We have an application which uses Cassandra as data store. For easy access, same data need to be stored in multiple tables with different partition keys. For storing data into multiple tables BatchStatements are used. Reason for using batch statement is to make sure the data is written to all or none.
With this set up, recently we started seeing lot of write timeout errors due to increase in user base.

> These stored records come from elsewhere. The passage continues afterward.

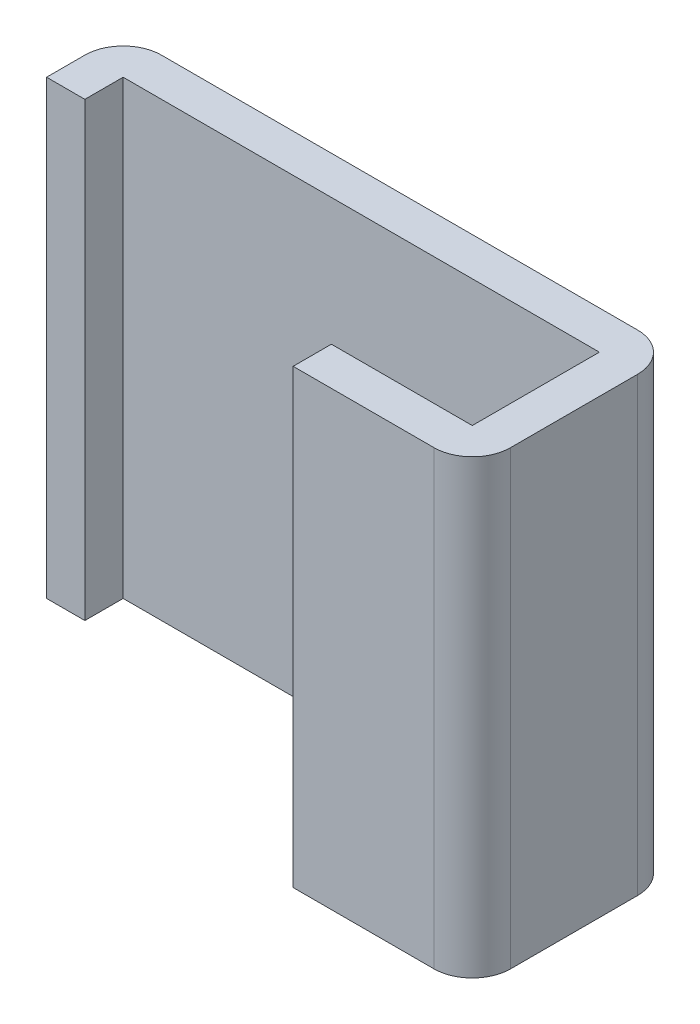
ISO-10303-21;
HEADER;
FILE_DESCRIPTION(('STEP AP214'),'2;1');
FILE_NAME('part.step','',(''),(''),'','','');
FILE_SCHEMA(('AUTOMOTIVE_DESIGN { 1 0 10303 214 1 1 1 1 }'));
ENDSEC;
DATA;
#1=APPLICATION_CONTEXT('core data for automotive mechanical design processes');
#2=APPLICATION_PROTOCOL_DEFINITION('international standard','automotive_design',2000,#1);
#3=PRODUCT_CONTEXT('',#1,'mechanical');
#4=PRODUCT('Part','Part','',(#3));
#5=PRODUCT_RELATED_PRODUCT_CATEGORY('part','',(#4));
#6=PRODUCT_DEFINITION_FORMATION('','',#4);
#7=PRODUCT_DEFINITION_CONTEXT('part definition',#1,'design');
#8=PRODUCT_DEFINITION('design','',#6,#7);
#9=PRODUCT_DEFINITION_SHAPE('','',#8);
#10=(LENGTH_UNIT() NAMED_UNIT(*) SI_UNIT(.MILLI.,.METRE.));
#11=(NAMED_UNIT(*) PLANE_ANGLE_UNIT() SI_UNIT($,.RADIAN.));
#12=(NAMED_UNIT(*) SI_UNIT($,.STERADIAN.) SOLID_ANGLE_UNIT());
#13=UNCERTAINTY_MEASURE_WITH_UNIT(LENGTH_MEASURE(1.E-05),#10,'distance_accuracy_value','');
#14=(GEOMETRIC_REPRESENTATION_CONTEXT(3) GLOBAL_UNCERTAINTY_ASSIGNED_CONTEXT((#13)) GLOBAL_UNIT_ASSIGNED_CONTEXT((#10,
#11,#12)) REPRESENTATION_CONTEXT('',''));
#15=CARTESIAN_POINT('',(0.,0.,0.));
#16=DIRECTION('',(0.,0.,1.));
#17=DIRECTION('',(1.,0.,0.));
#18=AXIS2_PLACEMENT_3D('',#15,#16,#17);
#19=CARTESIAN_POINT('',(-15.24,-9.094,1.08));
#20=DIRECTION('',(1.,0.,0.));
#21=DIRECTION('',(0.,0.,-1.));
#22=AXIS2_PLACEMENT_3D('',#19,#20,#21);
#23=PLANE('',#22);
#24=DIRECTION('',(0.,1.,0.));
#25=VECTOR('',#24,1.);
#26=CARTESIAN_POINT('',(-15.24,-9.094,1.33));
#27=LINE('',#26,#25);
#28=CARTESIAN_POINT('',(-15.24,-6.146,1.33));
#29=VERTEX_POINT('',#28);
#30=CARTESIAN_POINT('',(-15.24,-9.094,1.33));
#31=VERTEX_POINT('',#30);
#32=EDGE_CURVE('E98',#29,#31,#27,.F.);
#33=ORIENTED_EDGE('',*,*,#32,.F.);
#34=DIRECTION('',(0.,0.,-1.));
#35=VECTOR('',#34,1.);
#36=CARTESIAN_POINT('',(-15.24,-6.146,1.08));
#37=LINE('',#36,#35);
#38=CARTESIAN_POINT('',(-15.24,-6.146,1.08));
#39=VERTEX_POINT('',#38);
#40=EDGE_CURVE('E103',#39,#29,#37,.F.);
#41=ORIENTED_EDGE('',*,*,#40,.F.);
#42=DIRECTION('',(0.,1.,0.));
#43=VECTOR('',#42,1.);
#44=CARTESIAN_POINT('',(-15.24,-9.094,1.08));
#45=LINE('',#44,#43);
#46=CARTESIAN_POINT('',(-15.24,-9.094,1.08));
#47=VERTEX_POINT('',#46);
#48=EDGE_CURVE('E127',#39,#47,#45,.F.);
#49=ORIENTED_EDGE('',*,*,#48,.T.);
#50=DIRECTION('',(0.,0.,-1.));
#51=VECTOR('',#50,1.);
#52=CARTESIAN_POINT('',(-15.24,-9.094,1.08));
#53=LINE('',#52,#51);
#54=EDGE_CURVE('E84',#31,#47,#53,.T.);
#55=ORIENTED_EDGE('',*,*,#54,.F.);
#56=EDGE_LOOP('',(#33,#41,#49,#55));
#57=FACE_BOUND('',#56,.T.);
#58=ADVANCED_FACE('F17',(#57),#23,.F.);
#59=CARTESIAN_POINT('',(-14.32,-9.094,1.33));
#60=DIRECTION('',(0.,0.,1.));
#61=DIRECTION('',(1.,0.,0.));
#62=AXIS2_PLACEMENT_3D('',#59,#60,#61);
#63=PLANE('',#62);
#64=ORIENTED_EDGE('',*,*,#32,.T.);
#65=DIRECTION('',(1.,0.,0.));
#66=VECTOR('',#65,1.);
#67=CARTESIAN_POINT('',(-14.32,-9.094,1.33));
#68=LINE('',#67,#66);
#69=CARTESIAN_POINT('',(-14.32,-9.094,1.33));
#70=VERTEX_POINT('',#69);
#71=EDGE_CURVE('E78',#31,#70,#68,.T.);
#72=ORIENTED_EDGE('',*,*,#71,.T.);
#73=DIRECTION('',(0.,-1.,0.));
#74=VECTOR('',#73,1.);
#75=CARTESIAN_POINT('',(-14.32,-9.094,1.33));
#76=LINE('',#75,#74);
#77=CARTESIAN_POINT('',(-14.32,-6.146,1.33));
#78=VERTEX_POINT('',#77);
#79=EDGE_CURVE('E99',#78,#70,#76,.T.);
#80=ORIENTED_EDGE('',*,*,#79,.F.);
#81=DIRECTION('',(1.,0.,0.));
#82=VECTOR('',#81,1.);
#83=CARTESIAN_POINT('',(-14.32,-6.146,1.33));
#84=LINE('',#83,#82);
#85=EDGE_CURVE('E94',#78,#29,#84,.F.);
#86=ORIENTED_EDGE('',*,*,#85,.T.);
#87=EDGE_LOOP('',(#64,#72,#80,#86));
#88=FACE_BOUND('',#87,.T.);
#89=ADVANCED_FACE('F96',(#88),#63,.T.);
#90=CARTESIAN_POINT('',(-14.32,-9.094,1.08));
#91=DIRECTION('',(0.,0.,1.));
#92=DIRECTION('',(1.,0.,0.));
#93=AXIS2_PLACEMENT_3D('',#90,#91,#92);
#94=PLANE('',#93);
#95=ORIENTED_EDGE('',*,*,#48,.F.);
#96=DIRECTION('',(1.,0.,0.));
#97=VECTOR('',#96,1.);
#98=CARTESIAN_POINT('',(-14.32,-6.146,1.08));
#99=LINE('',#98,#97);
#100=CARTESIAN_POINT('',(-14.32,-6.146,1.08));
#101=VERTEX_POINT('',#100);
#102=EDGE_CURVE('E108',#101,#39,#99,.F.);
#103=ORIENTED_EDGE('',*,*,#102,.F.);
#104=DIRECTION('',(0.,1.,0.));
#105=VECTOR('',#104,1.);
#106=CARTESIAN_POINT('',(-14.32,-9.094,1.08));
#107=LINE('',#106,#105);
#108=CARTESIAN_POINT('',(-14.32,-9.094,1.08));
#109=VERTEX_POINT('',#108);
#110=EDGE_CURVE('E181',#101,#109,#107,.F.);
#111=ORIENTED_EDGE('',*,*,#110,.T.);
#112=DIRECTION('',(1.,0.,0.));
#113=VECTOR('',#112,1.);
#114=CARTESIAN_POINT('',(-14.32,-9.094,1.08));
#115=LINE('',#114,#113);
#116=EDGE_CURVE('E125',#47,#109,#115,.T.);
#117=ORIENTED_EDGE('',*,*,#116,.F.);
#118=EDGE_LOOP('',(#95,#103,#111,#117));
#119=FACE_BOUND('',#118,.T.);
#120=ADVANCED_FACE('F379',(#119),#94,.F.);
#121=CARTESIAN_POINT('',(-14.32,-9.094,1.08));
#122=DIRECTION('',(0.,-1.,0.));
#123=DIRECTION('',(0.,0.,-1.));
#124=AXIS2_PLACEMENT_3D('',#121,#122,#123);
#125=CYLINDRICAL_SURFACE('',#124,0.25);
#126=CARTESIAN_POINT('',(-14.32,-6.146,1.08));
#127=DIRECTION('',(0.,-1.,0.));
#128=DIRECTION('',(0.,0.,-1.));
#129=AXIS2_PLACEMENT_3D('',#126,#127,#128);
#130=CIRCLE('',#129,0.25);
#131=CARTESIAN_POINT('',(-14.07,-6.146,1.08));
#132=VERTEX_POINT('',#131);
#133=EDGE_CURVE('E147',#132,#78,#130,.T.);
#134=ORIENTED_EDGE('',*,*,#133,.T.);
#135=ORIENTED_EDGE('',*,*,#79,.T.);
#136=CARTESIAN_POINT('',(-14.32,-9.094,1.08));
#137=DIRECTION('',(0.,-1.,0.));
#138=DIRECTION('',(0.,0.,-1.));
#139=AXIS2_PLACEMENT_3D('',#136,#137,#138);
#140=CIRCLE('',#139,0.25);
#141=CARTESIAN_POINT('',(-14.07,-9.094,1.08));
#142=VERTEX_POINT('',#141);
#143=EDGE_CURVE('E20',#70,#142,#140,.F.);
#144=ORIENTED_EDGE('',*,*,#143,.T.);
#145=DIRECTION('',(0.,1.,0.));
#146=VECTOR('',#145,1.);
#147=CARTESIAN_POINT('',(-14.07,-9.094,1.08));
#148=LINE('',#147,#146);
#149=EDGE_CURVE('E156',#142,#132,#148,.T.);
#150=ORIENTED_EDGE('',*,*,#149,.T.);
#151=EDGE_LOOP('',(#134,#135,#144,#150));
#152=FACE_BOUND('',#151,.T.);
#153=ADVANCED_FACE('F155',(#152),#125,.T.);
#154=CARTESIAN_POINT('',(-17.68,-9.094,0.5));
#155=DIRECTION('',(0.,0.,-1.));
#156=DIRECTION('',(-1.,0.,0.));
#157=AXIS2_PLACEMENT_3D('',#154,#155,#156);
#158=PLANE('',#157);
#159=DIRECTION('',(0.,1.,0.));
#160=VECTOR('',#159,1.);
#161=CARTESIAN_POINT('',(-17.43,-9.094,0.5));
#162=LINE('',#161,#160);
#163=CARTESIAN_POINT('',(-17.43,-9.094,0.5));
#164=VERTEX_POINT('',#163);
#165=CARTESIAN_POINT('',(-17.43,-6.146,0.5));
#166=VERTEX_POINT('',#165);
#167=EDGE_CURVE('E194',#164,#166,#162,.T.);
#168=ORIENTED_EDGE('',*,*,#167,.T.);
#169=DIRECTION('',(-1.,0.,0.));
#170=VECTOR('',#169,1.);
#171=CARTESIAN_POINT('',(-17.68,-6.146,0.5));
#172=LINE('',#171,#170);
#173=CARTESIAN_POINT('',(-17.68,-6.146,0.5));
#174=VERTEX_POINT('',#173);
#175=EDGE_CURVE('E150',#174,#166,#172,.F.);
#176=ORIENTED_EDGE('',*,*,#175,.F.);
#177=DIRECTION('',(0.,1.,0.));
#178=VECTOR('',#177,1.);
#179=CARTESIAN_POINT('',(-17.68,-9.094,0.5));
#180=LINE('',#179,#178);
#181=CARTESIAN_POINT('',(-17.68,-9.094,0.5));
#182=VERTEX_POINT('',#181);
#183=EDGE_CURVE('E171',#174,#182,#180,.F.);
#184=ORIENTED_EDGE('',*,*,#183,.T.);
#185=DIRECTION('',(-1.,0.,0.));
#186=VECTOR('',#185,1.);
#187=CARTESIAN_POINT('',(-17.68,-9.094,0.5));
#188=LINE('',#187,#186);
#189=EDGE_CURVE('E189',#164,#182,#188,.T.);
#190=ORIENTED_EDGE('',*,*,#189,.F.);
#191=EDGE_LOOP('',(#168,#176,#184,#190));
#192=FACE_BOUND('',#191,.T.);
#193=ADVANCED_FACE('F278',(#192),#158,.F.);
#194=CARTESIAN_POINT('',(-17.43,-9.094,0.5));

We came across many blogs and articles which mention that the BatchStatements are mistakenly used for storing multiple partition.
References:
- https://docs.datastax.com/en/dse/6.0/cql/cql/cql_using/useBatchGoodExample.html
- What is the batch limit in Cassandra?
- Cassandra Batch statement-Multiple tables
- https://grokbase.com/t/cassandra/user/153gsmdzs6/writing-to-multiple-tables
The reason for this seems to be large load on co-ordinator nodes and in turn causing latencies. There was an option of increasing write_request_timeout_in_ms in cassandra.yaml to a higher value than default 5 s. We attempted this, but still requests failed. Hence we updated this set up to now use executeAsync. With this, WriteTimeout Exceptions went away completely.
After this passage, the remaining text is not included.